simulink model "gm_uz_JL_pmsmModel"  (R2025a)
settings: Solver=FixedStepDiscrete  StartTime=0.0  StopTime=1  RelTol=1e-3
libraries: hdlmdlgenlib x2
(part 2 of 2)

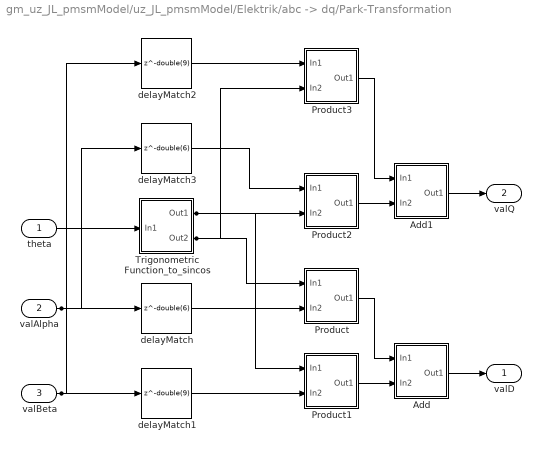
== system gm_uz_JL_pmsmModel/uz_JL_pmsmModel/Elektrik/abc -> dq/Park-Transformation ==
  theta : Inport  OutDataTypeStr=single  PortDimensions=1  SampleTime=2e-08
  valAlpha : Inport  Port=2  OutDataTypeStr=single  PortDimensions=1  SampleTime=2e-08
  valBeta : Inport  Port=3  OutDataTypeStr=single  PortDimensions=1  SampleTime=2e-08
  Add : Subsystem
      mask Display: disp('NFP\nadd');
  Add1 : Subsystem
      mask Display: disp('NFP\nadd');
  Product : Subsystem
      mask Display: disp('NFP\nmul');
  Product1 : Subsystem
      mask Display: disp('NFP\nmul');
  Product2 : Subsystem
      mask Display: disp('NFP\nmul');
  Product3 : Subsystem
      mask Display: disp('NFP\nmul');
  Trigonometric Function_to_sincos : Subsystem
      mask Display: disp('NFP\ntrig2');
  delayMatch : Delay  DelayLength=double(6)  InitialCondition=0  SampleTime=2e-08
  delayMatch1 : Delay  DelayLength=double(9)  InitialCondition=0  SampleTime=2e-08
  delayMatch2 : Delay  DelayLength=double(9)  InitialCondition=0  SampleTime=2e-08
  delayMatch3 : Delay  DelayLength=double(6)  InitialCondition=0  SampleTime=2e-08
  valD : Outport  SampleTime=2e-08
  valQ : Outport  Port=2  SampleTime=2e-08
  wires:
  Trigonometric Function_to_sincos/2(Out2) -> Product3/2(In2), Product/1(In1)
  theta/1 -> Trigonometric Function_to_sincos/1(In1)
  delayMatch2/1 -> Product3/1(In1)
  Trigonometric Function_to_sincos/1(Out1) -> Product1/1(In1), Product2/2(In2)
  delayMatch1/1 -> Product1/2(In2)
  valAlpha/1 -> delayMatch3/1, delayMatch/1
  Product2/1(Out1) -> Add1/2(In2)
  valBeta/1 -> delayMatch2/1, delayMatch1/1
  delayMatch3/1 -> Product2/1(In1)
  delayMatch/1 -> Product/2(In2)
  Product3/1(Out1) -> Add1/1(In1)
  Product/1(Out1) -> Add/1(In1)
  Product1/1(Out1) -> Add/2(In2)
  Add1/1(Out1) -> valQ/1
  Add/1(Out1) -> valD/1

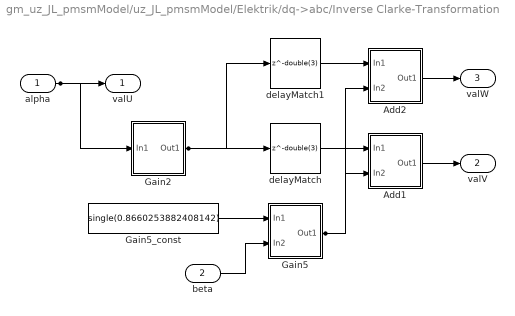
== system gm_uz_JL_pmsmModel/uz_JL_pmsmModel/Elektrik/dq->abc/Inverse Clarke-Transformation ==
  alpha : Inport  OutDataTypeStr=single  PortDimensions=1  SampleTime=2e-08
  beta : Inport  Port=2  OutDataTypeStr=single  PortDimensions=1  SampleTime=2e-08
  Add1 : Subsystem
      mask Display: disp('NFP\nadd');
  Add2 : Subsystem
      mask Display: disp('NFP\nadd');
  Gain2 : Subsystem
      mask Display: disp('NFP\ngain_pow2');
  Gain5 : Subsystem
      mask Display: disp('NFP\nmul');
  Gain5_const : Constant  Value=single(0.8660253882408142)  OutDataTypeStr=single  SampleTime=2e-08
  delayMatch : Delay  DelayLength=double(3)  InitialCondition=0  SampleTime=2e-08
  delayMatch1 : Delay  DelayLength=double(3)  InitialCondition=0  SampleTime=2e-08
  valU : Outport  SampleTime=2e-08
  valV : Outport  Port=2  SampleTime=2e-08
  valW : Outport  Port=3  SampleTime=2e-08
  wires:
  alpha/1 -> Gain2/1(In1), valU/1
  Gain2/1(Out1) -> delayMatch1/1, delayMatch/1
  Gain5_const/1 -> Gain5/1(In1)
  beta/1 -> Gain5/2(In2)
  Gain5/1(Out1) -> Add2/2(In2), Add1/2(In2)
  delayMatch1/1 -> Add2/1(In1)
  delayMatch/1 -> Add1/1(In1)
  Add2/1(Out1) -> valW/1
  Add1/1(Out1) -> valV/1

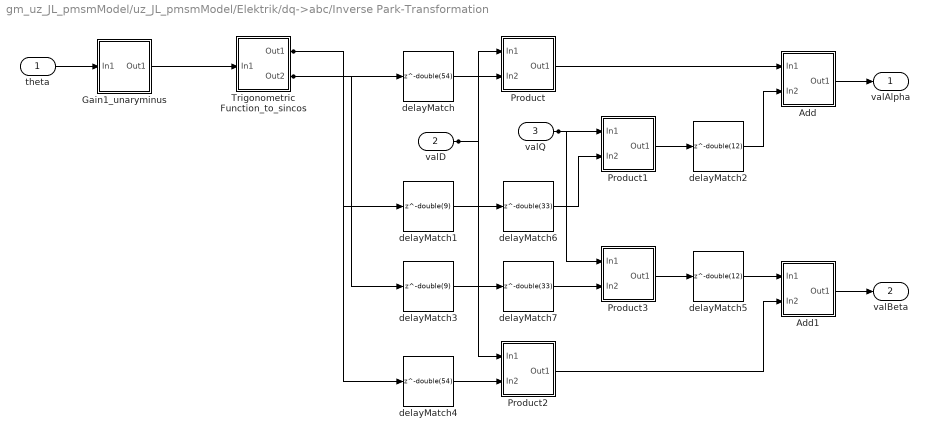
== system gm_uz_JL_pmsmModel/uz_JL_pmsmModel/Elektrik/dq->abc/Inverse Park-Transformation ==
  theta : Inport  OutDataTypeStr=single  PortDimensions=1  SampleTime=2e-08
  valD : Inport  Port=2  OutDataTypeStr=single  PortDimensions=1  SampleTime=2e-08
  valQ : Inport  Port=3  OutDataTypeStr=single  PortDimensions=1  SampleTime=2e-08
  Add : Subsystem
      mask Display: disp('NFP\nadd');
  Add1 : Subsystem
      mask Display: disp('NFP\nadd');
  Gain1_unaryminus : Subsystem
      mask Display: disp('NFP\numinus');
  Product : Subsystem
      mask Display: disp('NFP\nmul');
  Product1 : Subsystem
      mask Display: disp('NFP\nmul');
  Product2 : Subsystem
      mask Display: disp('NFP\nmul');
  Product3 : Subsystem
      mask Display: disp('NFP\nmul');
  Trigonometric Function_to_sincos : Subsystem
      mask Display: disp('NFP\ntrig2');
  delayMatch : Delay  DelayLength=double(54)  InitialCondition=0  SampleTime=2e-08
  delayMatch1 : Delay  DelayLength=double(9)  InitialCondition=0  SampleTime=2e-08
  delayMatch2 : Delay  DelayLength=double(12)  InitialCondition=0  SampleTime=2e-08
  delayMatch3 : Delay  DelayLength=double(9)  InitialCondition=0  SampleTime=2e-08
  delayMatch4 : Delay  DelayLength=double(54)  InitialCondition=0  SampleTime=2e-08
  delayMatch5 : Delay  DelayLength=double(12)  InitialCondition=0  SampleTime=2e-08
  delayMatch6 : Delay  DelayLength=double(33)  InitialCondition=0  SampleTime=2e-08
  delayMatch7 : Delay  DelayLength=double(33)  InitialCondition=0  SampleTime=2e-08
  valAlpha : Outport  SampleTime=2e-08
  valBeta : Outport  Port=2  SampleTime=2e-08
  wires:
  theta/1 -> Gain1_unaryminus/1(In1)
  delayMatch3/1 -> delayMatch7/1
  Gain1_unaryminus/1(Out1) -> Trigonometric Function_to_sincos/1(In1)
  delayMatch1/1 -> delayMatch6/1
  Trigonometric Function_to_sincos/1(Out1) -> delayMatch4/1, delayMatch1/1
  Trigonometric Function_to_sincos/2(Out2) -> delayMatch3/1, delayMatch/1
  valD/1 -> Product2/1(In1), Product/1(In1)
  delayMatch/1 -> Product/2(In2)
  delayMatch4/1 -> Product2/2(In2)
  Product/1(Out1) -> Add/1(In1)
  valQ/1 -> Product3/1(In1), Product1/1(In1)
  delayMatch6/1 -> Product1/2(In2)
  delayMatch7/1 -> Product3/2(In2)
  Product2/1(Out1) -> Add1/2(In2)
  Product1/1(Out1) -> delayMatch2/1
  Product3/1(Out1) -> delayMatch5/1
  delayMatch2/1 -> Add/2(In2)
  delayMatch5/1 -> Add1/1(In1)
  Add/1(Out1) -> valAlpha/1
  Add1/1(Out1) -> valBeta/1

== system gm_uz_JL_pmsmModel/uz_JL_pmsmModel/Mechanik/Drehmomentberechnung/Gain ==
  In1 : Inport
  In2 : Inport  Port=2
  Gain : Product  Inputs=**  OutDataTypeStr=single  SampleTime=2e-08
  Gain_pd1 : Delay  DelayLength=6
  Out1 : Outport
  wires:
  In1/1 -> Gain/1
  In2/1 -> Gain/2
  Gain/1 -> Gain_pd1/1
  Gain_pd1/1 -> Out1/1

== system gm_uz_JL_pmsmModel/uz_JL_pmsmModel/Mechanik/Drehmomentberechnung/Prduct_3 ==
  In1 : Inport
  In2 : Inport  Port=2
  Prduct_3 : Product  Inputs=**  OutDataTypeStr=single  SampleTime=2e-08
  Prduct_3_pd1 : Delay  DelayLength=6
  Out1 : Outport
  wires:
  In1/1 -> Prduct_3/1
  In2/1 -> Prduct_3/2
  Prduct_3/1 -> Prduct_3_pd1/1
  Prduct_3_pd1/1 -> Out1/1

== system gm_uz_JL_pmsmModel/uz_JL_pmsmModel/Mechanik/Drehmomentberechnung/Prduct_31 ==
  In1 : Inport
  In2 : Inport  Port=2
  Prduct_31 : Product  Inputs=**  OutDataTypeStr=single  SampleTime=2e-08
  Prduct_31_pd1 : Delay  DelayLength=6
  Out1 : Outport
  wires:
  In1/1 -> Prduct_31/1
  In2/1 -> Prduct_31/2
  Prduct_31/1 -> Prduct_31_pd1/1
  Prduct_31_pd1/1 -> Out1/1

== system gm_uz_JL_pmsmModel/uz_JL_pmsmModel/Mechanik/Drehmomentberechnung/Product1 ==
  In1 : Inport
  In2 : Inport  Port=2
  Product1 : Product  Inputs=**  OutDataTypeStr=single  SampleTime=2e-08
  Product1_pd1 : Delay  DelayLength=6
  Out1 : Outport
  wires:
  In1/1 -> Product1/1
  In2/1 -> Product1/2
  Product1/1 -> Product1_pd1/1
  Product1_pd1/1 -> Out1/1

== system gm_uz_JL_pmsmModel/uz_JL_pmsmModel/Mechanik/Drehmomentberechnung/Product2 ==
  In1 : Inport
  In2 : Inport  Port=2
  Product2 : Product  Inputs=**  OutDataTypeStr=single  SampleTime=2e-08
  Product2_pd1 : Delay  DelayLength=6
  Out1 : Outport
  wires:
  In1/1 -> Product2/1
  In2/1 -> Product2/2
  Product2/1 -> Product2_pd1/1
  Product2_pd1/1 -> Out1/1

== system gm_uz_JL_pmsmModel/uz_JL_pmsmModel/Mechanik/Drehmomentberechnung/Subtract ==
  In1 : Inport
  In2 : Inport  Port=2
  Subtract : Sum  Inputs=+-  OutDataTypeStr=single  SampleTime=2e-08
  Subtract_pd1 : Delay  DelayLength=6
  Out1 : Outport
  wires:
  In1/1 -> Subtract/1
  In2/1 -> Subtract/2
  Subtract/1 -> Subtract_pd1/1
  Subtract_pd1/1 -> Out1/1

== system gm_uz_JL_pmsmModel/uz_JL_pmsmModel/Mechanik/Drehmomentberechnung/Subtract1 ==
  In1 : Inport
  In2 : Inport  Port=2
  Subtract1 : Sum  OutDataTypeStr=single  SampleTime=2e-08
  Subtract1_pd1 : Delay  DelayLength=6
  Out1 : Outport
  wires:
  In1/1 -> Subtract1/1
  In2/1 -> Subtract1/2
  Subtract1/1 -> Subtract1_pd1/1
  Subtract1_pd1/1 -> Out1/1

== system gm_uz_JL_pmsmModel/uz_JL_pmsmModel/Mechanik/Subsystem1/Abs ==
  In1 : Inport
  Abs : Abs  SampleTime=2e-08  OutDataTypeStr=single  RndMeth=Nearest  SaturateOnIntegerOverflow=off
  Out1 : Outport
  wires:
  In1/1 -> Abs/1
  Abs/1 -> Out1/1

== system gm_uz_JL_pmsmModel/uz_JL_pmsmModel/Mechanik/Subsystem1/Add ==
  In1 : Inport
  In2 : Inport  Port=2
  Add : Sum  OutDataTypeStr=single  SampleTime=2e-08
  Add_pd1 : Delay  DelayLength=6
  Out1 : Outport
  wires:
  In1/1 -> Add/1
  In2/1 -> Add/2
  Add/1 -> Add_pd1/1
  Add_pd1/1 -> Out1/1

== system gm_uz_JL_pmsmModel/uz_JL_pmsmModel/Mechanik/Subsystem1/Add1 ==
  In1 : Inport
  In2 : Inport  Port=2
  Add1 : Sum  OutDataTypeStr=single  SampleTime=2e-08
  Add1_pd1 : Delay  DelayLength=6
  Out1 : Outport
  wires:
  In1/1 -> Add1/1
  In2/1 -> Add1/2
  Add1/1 -> Add1_pd1/1
  Add1_pd1/1 -> Out1/1

== system gm_uz_JL_pmsmModel/uz_JL_pmsmModel/Mechanik/Subsystem1/Compare To Constant1_relop ==
  In1 : Inport
  In2 : Inport  Port=2
  Compare To Constant1_relop : RelationalOperator  OutDataTypeStr=boolean  SampleTime=2e-08
  Compare To Constant1_relop_pd1 : Delay  DelayLength=1
  Out1 : Outport
  wires:
  In1/1 -> Compare To Constant1_relop/1
  In2/1 -> Compare To Constant1_relop/2
  Compare To Constant1_relop/1 -> Compare To Constant1_relop_pd1/1
  Compare To Constant1_relop_pd1/1 -> Out1/1

== system gm_uz_JL_pmsmModel/uz_JL_pmsmModel/Mechanik/Subsystem1/Product ==
  In1 : Inport
  In2 : Inport  Port=2
  Product : Product  Inputs=**  OutDataTypeStr=single  SampleTime=2e-08
  Product_pd1 : Delay  DelayLength=6
  Out1 : Outport
  wires:
  In1/1 -> Product/1
  In2/1 -> Product/2
  Product/1 -> Product_pd1/1
  Product_pd1/1 -> Out1/1

== system gm_uz_JL_pmsmModel/uz_JL_pmsmModel/Mechanik/Subsystem1/Product1 ==
  In1 : Inport
  In2 : Inport  Port=2
  Product1 : Product  Inputs=**  OutDataTypeStr=single  SampleTime=2e-08
  Product1_pd1 : Delay  DelayLength=6
  Out1 : Outport
  wires:
  In1/1 -> Product1/1
  In2/1 -> Product1/2
  Product1/1 -> Product1_pd1/1
  Product1_pd1/1 -> Out1/1

== system gm_uz_JL_pmsmModel/uz_JL_pmsmModel/Mechanik/Subsystem1/Product2 ==
  In1 : Inport
  In2 : Inport  Port=2
  Product2 : Product  Inputs=**  OutDataTypeStr=single  SampleTime=2e-08
  Product2_pd1 : Delay  DelayLength=6
  Out1 : Outport
  wires:
  In1/1 -> Product2/1
  In2/1 -> Product2/2
  Product2/1 -> Product2_pd1/1
  Product2_pd1/1 -> Out1/1

== system gm_uz_JL_pmsmModel/uz_JL_pmsmModel/Mechanik/Subsystem1/Product3 ==
  In1 : Inport
  In2 : Inport  Port=2
  Product3 : Product  Inputs=**  OutDataTypeStr=single  SampleTime=2e-08
  Product3_pd1 : Delay  DelayLength=6
  Out1 : Outport
  wires:
  In1/1 -> Product3/1
  In2/1 -> Product3/2
  Product3/1 -> Product3_pd1/1
  Product3_pd1/1 -> Out1/1

== system gm_uz_JL_pmsmModel/uz_JL_pmsmModel/Mechanik/Subsystem1/Product4 ==
  In1 : Inport
  In2 : Inport  Port=2
  Product4 : Product  Inputs=**  OutDataTypeStr=single  SampleTime=2e-08
  Product4_pd1 : Delay  DelayLength=6
  Out1 : Outport
  wires:
  In1/1 -> Product4/1
  In2/1 -> Product4/2
  Product4/1 -> Product4_pd1/1
  Product4_pd1/1 -> Out1/1

== system gm_uz_JL_pmsmModel/uz_JL_pmsmModel/Mechanik/Subsystem1/Sign ==
  In1 : Inport
  Sign : Signum  SampleTime=2e-08
  Out1 : Outport
  wires:
  In1/1 -> Sign/1
  Sign/1 -> Out1/1

== system gm_uz_JL_pmsmModel/uz_JL_pmsmModel/Mechanik/Subsystem1/Subtract ==
  In1 : Inport
  In2 : Inport  Port=2
  Subtract : Sum  Inputs=+-  OutDataTypeStr=single  SampleTime=2e-08
  Subtract_pd1 : Delay  DelayLength=6
  Out1 : Outport
  wires:
  In1/1 -> Subtract/1
  In2/1 -> Subtract/2
  Subtract/1 -> Subtract_pd1/1
  Subtract_pd1/1 -> Out1/1

== system gm_uz_JL_pmsmModel/uz_JL_pmsmModel/Mechanik/Subsystem1/adder ==
  In1 : Inport
  In2 : Inport  Port=2
  adder : Sum  OutDataTypeStr=single  RndMeth=Simplest  SampleTime=2e-08
  adder_pd1 : Delay  DelayLength=6
  Out1 : Outport
  wires:
  In1/1 -> adder/1
  In2/1 -> adder/2
  adder/1 -> adder_pd1/1
  adder_pd1/1 -> Out1/1

== system gm_uz_JL_pmsmModel/uz_JL_pmsmModel/Mechanik/Subsystem1/adder1 ==
  In1 : Inport
  In2 : Inport  Port=2
  adder1 : Sum  OutDataTypeStr=single  RndMeth=Simplest  SampleTime=2e-08
  adder1_pd1 : Delay  DelayLength=6
  Out1 : Outport
  wires:
  In1/1 -> adder1/1
  In2/1 -> adder1/2
  adder1/1 -> adder1_pd1/1
  adder1_pd1/1 -> Out1/1

== system gm_uz_JL_pmsmModel/uz_JL_pmsmModel/Mechanik/Subsystem1/gain ==
  In1 : Inport
  In2 : Inport  Port=2
  gain : Product  Inputs=**  OutDataTypeStr=single  RndMeth=Simplest  SampleTime=2e-08
  gain_pd1 : Delay  DelayLength=6
  Out1 : Outport
  wires:
  In1/1 -> gain/1
  In2/1 -> gain/2
  gain/1 -> gain_pd1/1
  gain_pd1/1 -> Out1/1

== system gm_uz_JL_pmsmModel/uz_JL_pmsmModel/Elektrik/abc -> dq/Clark Transformation/Add1 ==
  In1 : Inport
  In2 : Inport  Port=2
  Add1 : Sum  OutDataTypeStr=single  SampleTime=2e-08
  Add1_pd1 : Delay  DelayLength=6
  Out1 : Outport
  wires:
  In1/1 -> Add1/1
  In2/1 -> Add1/2
  Add1/1 -> Add1_pd1/1
  Add1_pd1/1 -> Out1/1

== system gm_uz_JL_pmsmModel/uz_JL_pmsmModel/Elektrik/abc -> dq/Clark Transformation/Add_stage2 ==
  In1 : Inport
  In2 : Inport  Port=2
  Add_stage2 : Sum  OutDataTypeStr=single  SampleTime=2e-08
  Add_stage2_pd1 : Delay  DelayLength=6
  Out1 : Outport
  wires:
  In1/1 -> Add_stage2/1
  In2/1 -> Add_stage2/2
  Add_stage2/1 -> Add_stage2_pd1/1
  Add_stage2_pd1/1 -> Out1/1

== system gm_uz_JL_pmsmModel/uz_JL_pmsmModel/Elektrik/abc -> dq/Clark Transformation/Add_stage3 ==
  In1 : Inport
  In2 : Inport  Port=2
  Add_stage3 : Sum  OutDataTypeStr=single  SampleTime=2e-08
  Add_stage3_pd1 : Delay  DelayLength=6
  Out1 : Outport
  wires:
  In1/1 -> Add_stage3/1
  In2/1 -> Add_stage3/2
  Add_stage3/1 -> Add_stage3_pd1/1
  Add_stage3_pd1/1 -> Out1/1

== system gm_uz_JL_pmsmModel/uz_JL_pmsmModel/Elektrik/abc -> dq/Clark Transformation/Gain ==
  In1 : Inport
  In2 : Inport  Port=2
  Gain : Product  Inputs=**  OutDataTypeStr=single  SampleTime=2e-08
  Gain_pd1 : Delay  DelayLength=6
  Out1 : Outport
  wires:
  In1/1 -> Gain/1
  In2/1 -> Gain/2
  Gain/1 -> Gain_pd1/1
  Gain_pd1/1 -> Out1/1

== system gm_uz_JL_pmsmModel/uz_JL_pmsmModel/Elektrik/abc -> dq/Clark Transformation/Gain1 ==
  In1 : Inport
  In2 : Inport  Port=2
  Gain1 : Product  Inputs=**  OutDataTypeStr=single  SampleTime=2e-08
  Gain1_pd1 : Delay  DelayLength=6
  Out1 : Outport
  wires:
  In1/1 -> Gain1/1
  In2/1 -> Gain1/2
  Gain1/1 -> Gain1_pd1/1
  Gain1_pd1/1 -> Out1/1

== system gm_uz_JL_pmsmModel/uz_JL_pmsmModel/Elektrik/abc -> dq/Clark Transformation/Gain2 ==
  In1 : Inport
  Gain2 : Gain  Gain=single(-0.5)
  Gain2_pd1 : Delay  DelayLength=3
  Out1 : Outport
  wires:
  In1/1 -> Gain2/1
  Gain2/1 -> Gain2_pd1/1
  Gain2_pd1/1 -> Out1/1

== system gm_uz_JL_pmsmModel/uz_JL_pmsmModel/Elektrik/abc -> dq/Clark Transformation/Gain5 ==
  In1 : Inport
  In2 : Inport  Port=2
  Gain5 : Product  Inputs=**  OutDataTypeStr=single  SampleTime=2e-08
  Gain5_pd1 : Delay  DelayLength=6
  Out1 : Outport
  wires:
  In1/1 -> Gain5/1
  In2/1 -> Gain5/2
  Gain5/1 -> Gain5_pd1/1
  Gain5_pd1/1 -> Out1/1

== system gm_uz_JL_pmsmModel/uz_JL_pmsmModel/Elektrik/abc -> dq/Clark Transformation/Gain7 ==
  In1 : Inport
  Gain7 : Gain  Gain=single(-0.5)
  Gain7_pd1 : Delay  DelayLength=3
  Out1 : Outport
  wires:
  In1/1 -> Gain7/1
  Gain7/1 -> Gain7_pd1/1
  Gain7_pd1/1 -> Out1/1

== system gm_uz_JL_pmsmModel/uz_JL_pmsmModel/Elektrik/abc -> dq/Clark Transformation/sqrt(3)//2 ==
  In1 : Inport
  In2 : Inport  Port=2
  sqrt(3)/2 : Product  Inputs=**  OutDataTypeStr=single  SampleTime=2e-08
  sqrt(3)/2_pd1 : Delay  DelayLength=6
  Out1 : Outport
  wires:
  In1/1 -> sqrt(3)/2/1
  In2/1 -> sqrt(3)/2/2
  sqrt(3)/2/1 -> sqrt(3)/2_pd1/1
  sqrt(3)/2_pd1/1 -> Out1/1

== system gm_uz_JL_pmsmModel/uz_JL_pmsmModel/Elektrik/abc -> dq/Park-Transformation/Add ==
  In1 : Inport
  In2 : Inport  Port=2
  Add : Sum  OutDataTypeStr=single  SampleTime=2e-08
  Add_pd1 : Delay  DelayLength=6
  Out1 : Outport
  wires:
  In1/1 -> Add/1
  In2/1 -> Add/2
  Add/1 -> Add_pd1/1
  Add_pd1/1 -> Out1/1

== system gm_uz_JL_pmsmModel/uz_JL_pmsmModel/Elektrik/abc -> dq/Park-Transformation/Add1 ==
  In1 : Inport
  In2 : Inport  Port=2
  Add1 : Sum  Inputs=+-  OutDataTypeStr=single  SampleTime=2e-08
  Add1_pd1 : Delay  DelayLength=6
  Out1 : Outport
  wires:
  In1/1 -> Add1/1
  In2/1 -> Add1/2
  Add1/1 -> Add1_pd1/1
  Add1_pd1/1 -> Out1/1

== system gm_uz_JL_pmsmModel/uz_JL_pmsmModel/Elektrik/abc -> dq/Park-Transformation/Product ==
  In1 : Inport
  In2 : Inport  Port=2
  Product : Product  Inputs=**  OutDataTypeStr=single  SampleTime=2e-08
  Product_pd1 : Delay  DelayLength=6
  Out1 : Outport
  wires:
  In1/1 -> Product/1
  In2/1 -> Product/2
  Product/1 -> Product_pd1/1
  Product_pd1/1 -> Out1/1

== system gm_uz_JL_pmsmModel/uz_JL_pmsmModel/Elektrik/abc -> dq/Park-Transformation/Product1 ==
  In1 : Inport
  In2 : Inport  Port=2
  Product1 : Product  Inputs=**  OutDataTypeStr=single  SampleTime=2e-08
  Product1_pd1 : Delay  DelayLength=6
  Out1 : Outport
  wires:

__Problem statement__. Take from the listing every line in which the word "sqrt" appears.

__Answer to this problem__.
== system gm_uz_JL_pmsmModel/uz_JL_pmsmModel/Elektrik/abc -> dq/Clark Transformation/sqrt(3)//2 ==
  sqrt(3)/2 : Product  Inputs=**  OutDataTypeStr=single  SampleTime=2e-08
  sqrt(3)/2_pd1 : Delay  DelayLength=6
  In1/1 -> sqrt(3)/2/1
  In2/1 -> sqrt(3)/2/2
  sqrt(3)/2/1 -> sqrt(3)/2_pd1/1
  sqrt(3)/2_pd1/1 -> Out1/1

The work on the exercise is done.